**Try it:** Return, exactly as written, every line from the first line of the data below through the line that contains "invI = inv(I)".

**Supplied records:**
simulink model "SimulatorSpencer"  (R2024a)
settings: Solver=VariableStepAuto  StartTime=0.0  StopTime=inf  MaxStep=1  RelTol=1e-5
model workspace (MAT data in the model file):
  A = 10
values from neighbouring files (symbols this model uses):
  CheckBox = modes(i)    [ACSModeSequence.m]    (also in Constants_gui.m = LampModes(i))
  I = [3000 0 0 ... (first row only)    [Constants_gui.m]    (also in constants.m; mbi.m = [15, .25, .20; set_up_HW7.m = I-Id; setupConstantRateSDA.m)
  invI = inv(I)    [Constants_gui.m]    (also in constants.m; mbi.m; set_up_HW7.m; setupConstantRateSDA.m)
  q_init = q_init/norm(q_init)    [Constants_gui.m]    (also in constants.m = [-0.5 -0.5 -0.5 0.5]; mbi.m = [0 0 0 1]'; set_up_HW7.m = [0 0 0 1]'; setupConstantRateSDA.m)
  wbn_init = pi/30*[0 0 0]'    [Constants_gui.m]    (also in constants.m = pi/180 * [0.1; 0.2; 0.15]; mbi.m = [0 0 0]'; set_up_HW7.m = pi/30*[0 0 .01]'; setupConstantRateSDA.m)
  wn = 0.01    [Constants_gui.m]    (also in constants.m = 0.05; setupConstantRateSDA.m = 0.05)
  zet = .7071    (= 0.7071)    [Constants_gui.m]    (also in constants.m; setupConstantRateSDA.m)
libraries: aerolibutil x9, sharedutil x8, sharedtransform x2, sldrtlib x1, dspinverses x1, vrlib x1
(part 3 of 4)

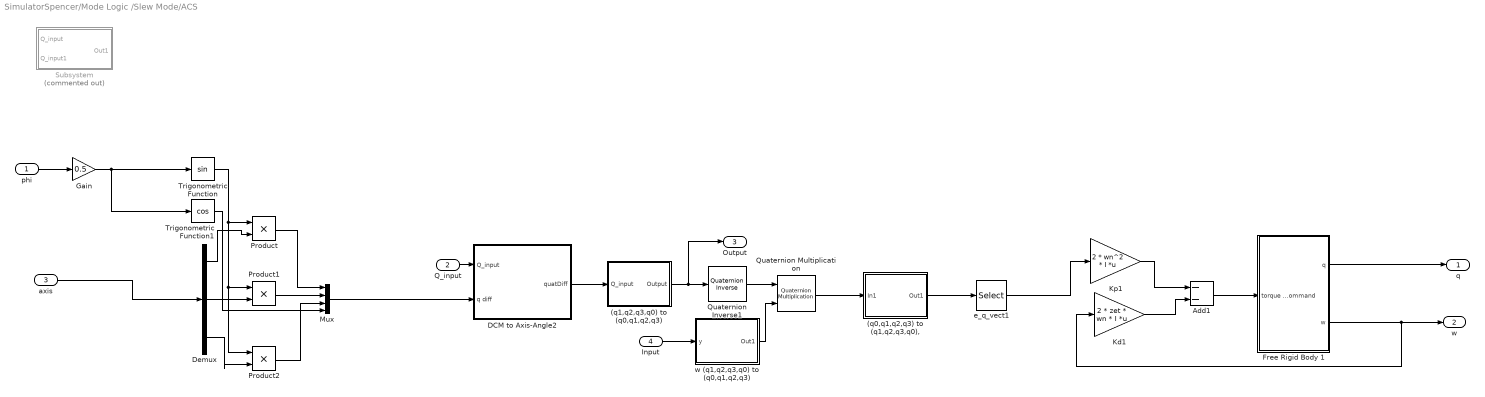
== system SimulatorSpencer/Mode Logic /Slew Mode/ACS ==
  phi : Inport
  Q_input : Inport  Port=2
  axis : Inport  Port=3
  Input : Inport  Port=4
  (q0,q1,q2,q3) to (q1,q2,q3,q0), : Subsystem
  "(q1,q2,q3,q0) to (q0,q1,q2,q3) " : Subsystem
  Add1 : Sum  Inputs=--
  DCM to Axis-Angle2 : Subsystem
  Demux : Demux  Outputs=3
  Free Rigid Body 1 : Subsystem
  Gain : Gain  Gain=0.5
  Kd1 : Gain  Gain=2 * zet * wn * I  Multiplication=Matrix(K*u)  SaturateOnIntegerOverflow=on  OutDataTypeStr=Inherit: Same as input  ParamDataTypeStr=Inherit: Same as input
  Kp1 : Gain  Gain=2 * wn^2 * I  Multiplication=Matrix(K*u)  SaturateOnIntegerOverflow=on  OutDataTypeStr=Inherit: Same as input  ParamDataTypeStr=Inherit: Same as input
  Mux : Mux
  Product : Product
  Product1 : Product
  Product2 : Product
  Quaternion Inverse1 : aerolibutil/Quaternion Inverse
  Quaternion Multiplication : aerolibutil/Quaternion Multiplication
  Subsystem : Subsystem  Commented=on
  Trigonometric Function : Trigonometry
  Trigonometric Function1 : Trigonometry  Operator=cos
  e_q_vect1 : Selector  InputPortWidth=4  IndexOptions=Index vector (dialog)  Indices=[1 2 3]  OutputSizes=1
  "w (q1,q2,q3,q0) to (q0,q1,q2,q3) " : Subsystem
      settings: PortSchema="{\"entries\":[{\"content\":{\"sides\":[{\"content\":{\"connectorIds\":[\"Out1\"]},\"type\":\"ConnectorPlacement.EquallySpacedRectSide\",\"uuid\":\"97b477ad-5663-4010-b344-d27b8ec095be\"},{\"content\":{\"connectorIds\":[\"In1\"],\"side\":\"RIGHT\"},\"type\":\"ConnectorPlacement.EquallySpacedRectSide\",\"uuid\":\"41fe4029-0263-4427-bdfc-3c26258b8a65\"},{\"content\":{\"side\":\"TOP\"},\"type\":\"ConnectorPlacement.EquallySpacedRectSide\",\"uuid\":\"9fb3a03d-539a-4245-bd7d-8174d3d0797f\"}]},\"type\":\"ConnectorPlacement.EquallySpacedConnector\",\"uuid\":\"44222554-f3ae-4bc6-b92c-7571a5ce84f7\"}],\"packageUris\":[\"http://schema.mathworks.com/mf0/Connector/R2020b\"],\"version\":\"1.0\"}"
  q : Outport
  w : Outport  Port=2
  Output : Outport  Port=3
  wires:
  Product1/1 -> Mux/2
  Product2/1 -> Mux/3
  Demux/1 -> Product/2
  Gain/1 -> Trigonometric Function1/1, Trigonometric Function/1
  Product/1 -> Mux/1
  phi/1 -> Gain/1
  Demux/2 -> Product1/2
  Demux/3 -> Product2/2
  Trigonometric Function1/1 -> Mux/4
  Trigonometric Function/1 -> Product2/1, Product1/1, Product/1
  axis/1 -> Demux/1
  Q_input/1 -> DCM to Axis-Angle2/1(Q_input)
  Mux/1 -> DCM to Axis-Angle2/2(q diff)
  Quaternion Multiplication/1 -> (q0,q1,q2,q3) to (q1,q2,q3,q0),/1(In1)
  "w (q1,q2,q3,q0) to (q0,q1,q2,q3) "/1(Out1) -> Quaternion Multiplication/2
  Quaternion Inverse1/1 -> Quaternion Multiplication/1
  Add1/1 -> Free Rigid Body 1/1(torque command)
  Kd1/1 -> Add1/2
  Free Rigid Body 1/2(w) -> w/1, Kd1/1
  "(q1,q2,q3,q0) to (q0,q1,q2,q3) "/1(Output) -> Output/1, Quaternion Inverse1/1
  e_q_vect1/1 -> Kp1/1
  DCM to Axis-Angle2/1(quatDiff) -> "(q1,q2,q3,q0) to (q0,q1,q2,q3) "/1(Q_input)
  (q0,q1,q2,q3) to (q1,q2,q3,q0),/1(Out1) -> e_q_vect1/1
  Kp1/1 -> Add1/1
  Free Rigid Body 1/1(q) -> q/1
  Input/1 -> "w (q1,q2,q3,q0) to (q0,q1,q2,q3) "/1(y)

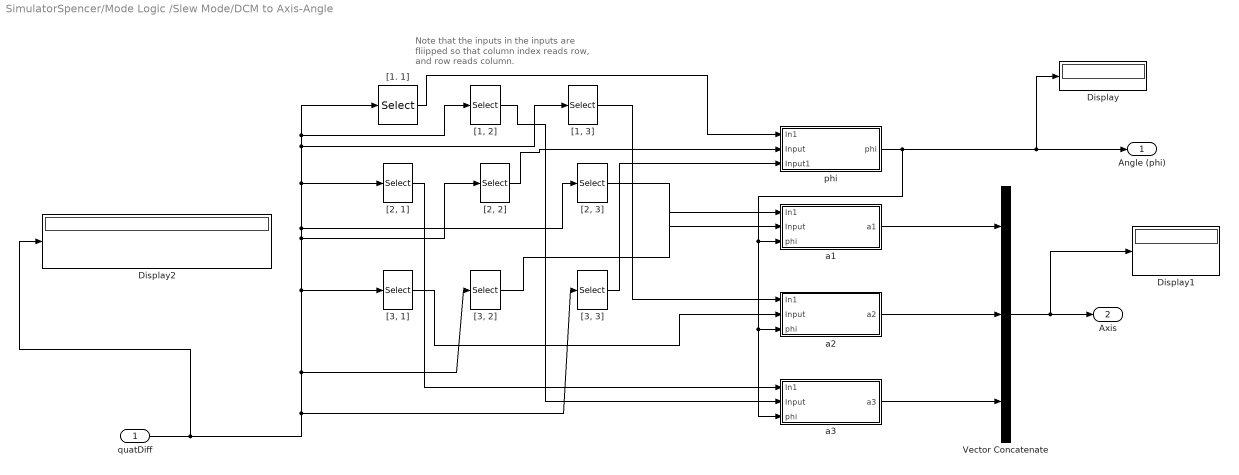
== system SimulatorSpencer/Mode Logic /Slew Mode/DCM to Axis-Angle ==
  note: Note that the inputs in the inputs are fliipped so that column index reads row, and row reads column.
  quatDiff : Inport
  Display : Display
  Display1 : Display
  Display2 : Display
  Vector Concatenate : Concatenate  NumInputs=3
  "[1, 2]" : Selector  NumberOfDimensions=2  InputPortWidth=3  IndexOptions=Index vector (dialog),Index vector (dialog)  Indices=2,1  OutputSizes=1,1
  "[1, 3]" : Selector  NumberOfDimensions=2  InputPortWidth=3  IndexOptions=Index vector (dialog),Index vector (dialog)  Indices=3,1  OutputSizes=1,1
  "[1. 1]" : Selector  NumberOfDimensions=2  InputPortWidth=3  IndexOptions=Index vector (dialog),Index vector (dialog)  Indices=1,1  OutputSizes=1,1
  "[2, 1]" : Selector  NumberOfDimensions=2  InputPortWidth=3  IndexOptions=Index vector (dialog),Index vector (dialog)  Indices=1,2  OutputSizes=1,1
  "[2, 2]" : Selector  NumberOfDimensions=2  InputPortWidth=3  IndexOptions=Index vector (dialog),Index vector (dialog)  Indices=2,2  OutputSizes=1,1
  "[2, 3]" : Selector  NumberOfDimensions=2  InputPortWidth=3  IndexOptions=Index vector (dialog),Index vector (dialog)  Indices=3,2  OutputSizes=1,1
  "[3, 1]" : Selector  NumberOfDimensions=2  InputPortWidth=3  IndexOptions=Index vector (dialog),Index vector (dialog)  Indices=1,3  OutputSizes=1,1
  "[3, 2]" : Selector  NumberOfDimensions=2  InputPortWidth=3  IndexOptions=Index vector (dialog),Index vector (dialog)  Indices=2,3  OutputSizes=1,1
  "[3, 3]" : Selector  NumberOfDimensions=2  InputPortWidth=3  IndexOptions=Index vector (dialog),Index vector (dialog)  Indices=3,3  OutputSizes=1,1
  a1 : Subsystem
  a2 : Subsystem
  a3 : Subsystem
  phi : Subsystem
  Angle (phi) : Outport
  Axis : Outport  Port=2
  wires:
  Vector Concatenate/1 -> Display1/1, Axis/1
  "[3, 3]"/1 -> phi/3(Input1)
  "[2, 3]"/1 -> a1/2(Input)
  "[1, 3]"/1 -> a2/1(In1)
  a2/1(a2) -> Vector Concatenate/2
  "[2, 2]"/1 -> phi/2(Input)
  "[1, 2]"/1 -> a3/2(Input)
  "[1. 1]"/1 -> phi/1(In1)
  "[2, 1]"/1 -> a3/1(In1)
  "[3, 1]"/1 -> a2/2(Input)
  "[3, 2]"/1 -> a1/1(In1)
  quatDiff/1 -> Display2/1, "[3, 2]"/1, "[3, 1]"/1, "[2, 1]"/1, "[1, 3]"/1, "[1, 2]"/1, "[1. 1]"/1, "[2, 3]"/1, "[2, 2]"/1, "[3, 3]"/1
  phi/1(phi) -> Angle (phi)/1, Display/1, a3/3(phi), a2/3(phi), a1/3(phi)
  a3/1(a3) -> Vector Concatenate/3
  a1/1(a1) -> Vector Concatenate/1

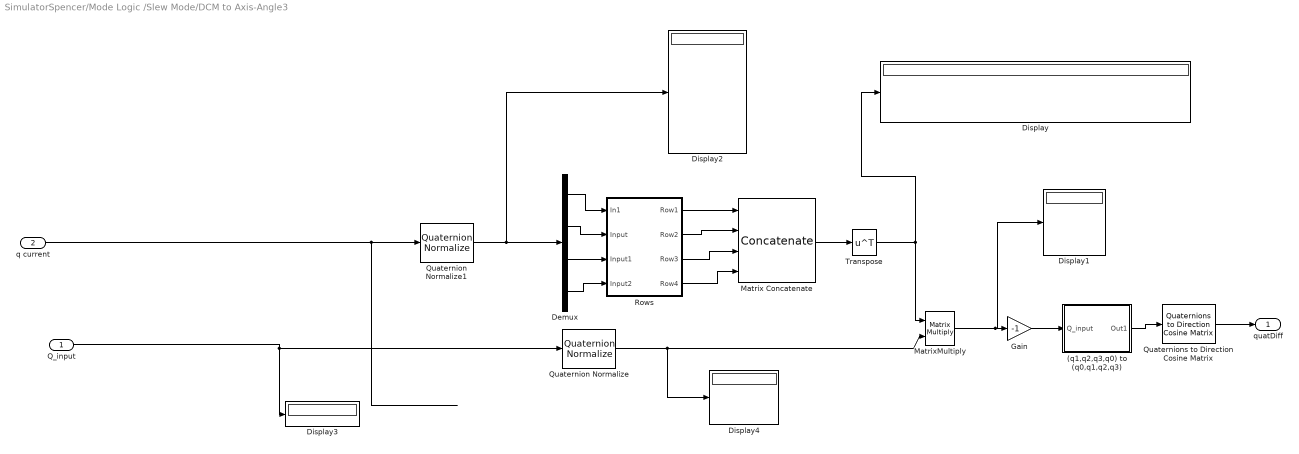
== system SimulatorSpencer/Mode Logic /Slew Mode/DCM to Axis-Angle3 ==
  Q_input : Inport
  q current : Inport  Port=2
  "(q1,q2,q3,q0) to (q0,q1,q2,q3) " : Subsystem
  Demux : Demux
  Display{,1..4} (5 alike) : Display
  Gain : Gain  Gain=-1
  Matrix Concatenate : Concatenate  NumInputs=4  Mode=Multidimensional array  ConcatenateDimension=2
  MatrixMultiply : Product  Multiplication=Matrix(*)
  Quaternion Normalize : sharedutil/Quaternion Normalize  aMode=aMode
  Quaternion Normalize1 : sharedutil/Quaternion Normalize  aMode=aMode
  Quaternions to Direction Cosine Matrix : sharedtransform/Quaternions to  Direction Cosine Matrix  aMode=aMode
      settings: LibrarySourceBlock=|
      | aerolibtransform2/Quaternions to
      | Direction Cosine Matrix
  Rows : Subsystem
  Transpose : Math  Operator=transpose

**Answer to the exercise:**
simulink model "SimulatorSpencer"  (R2024a)
settings: Solver=VariableStepAuto  StartTime=0.0  StopTime=inf  MaxStep=1  RelTol=1e-5
model workspace (MAT data in the model file):
  A = 10
values from neighbouring files (symbols this model uses):
  CheckBox = modes(i)    [ACSModeSequence.m]    (also in Constants_gui.m = LampModes(i))
  I = [3000 0 0 ... (first row only)    [Constants_gui.m]    (also in constants.m; mbi.m = [15, .25, .20; set_up_HW7.m = I-Id; setupConstantRateSDA.m)
  invI = inv(I)    [Constants_gui.m]    (also in constants.m; mbi.m; set_up_HW7.m; setupConstantRateSDA.m)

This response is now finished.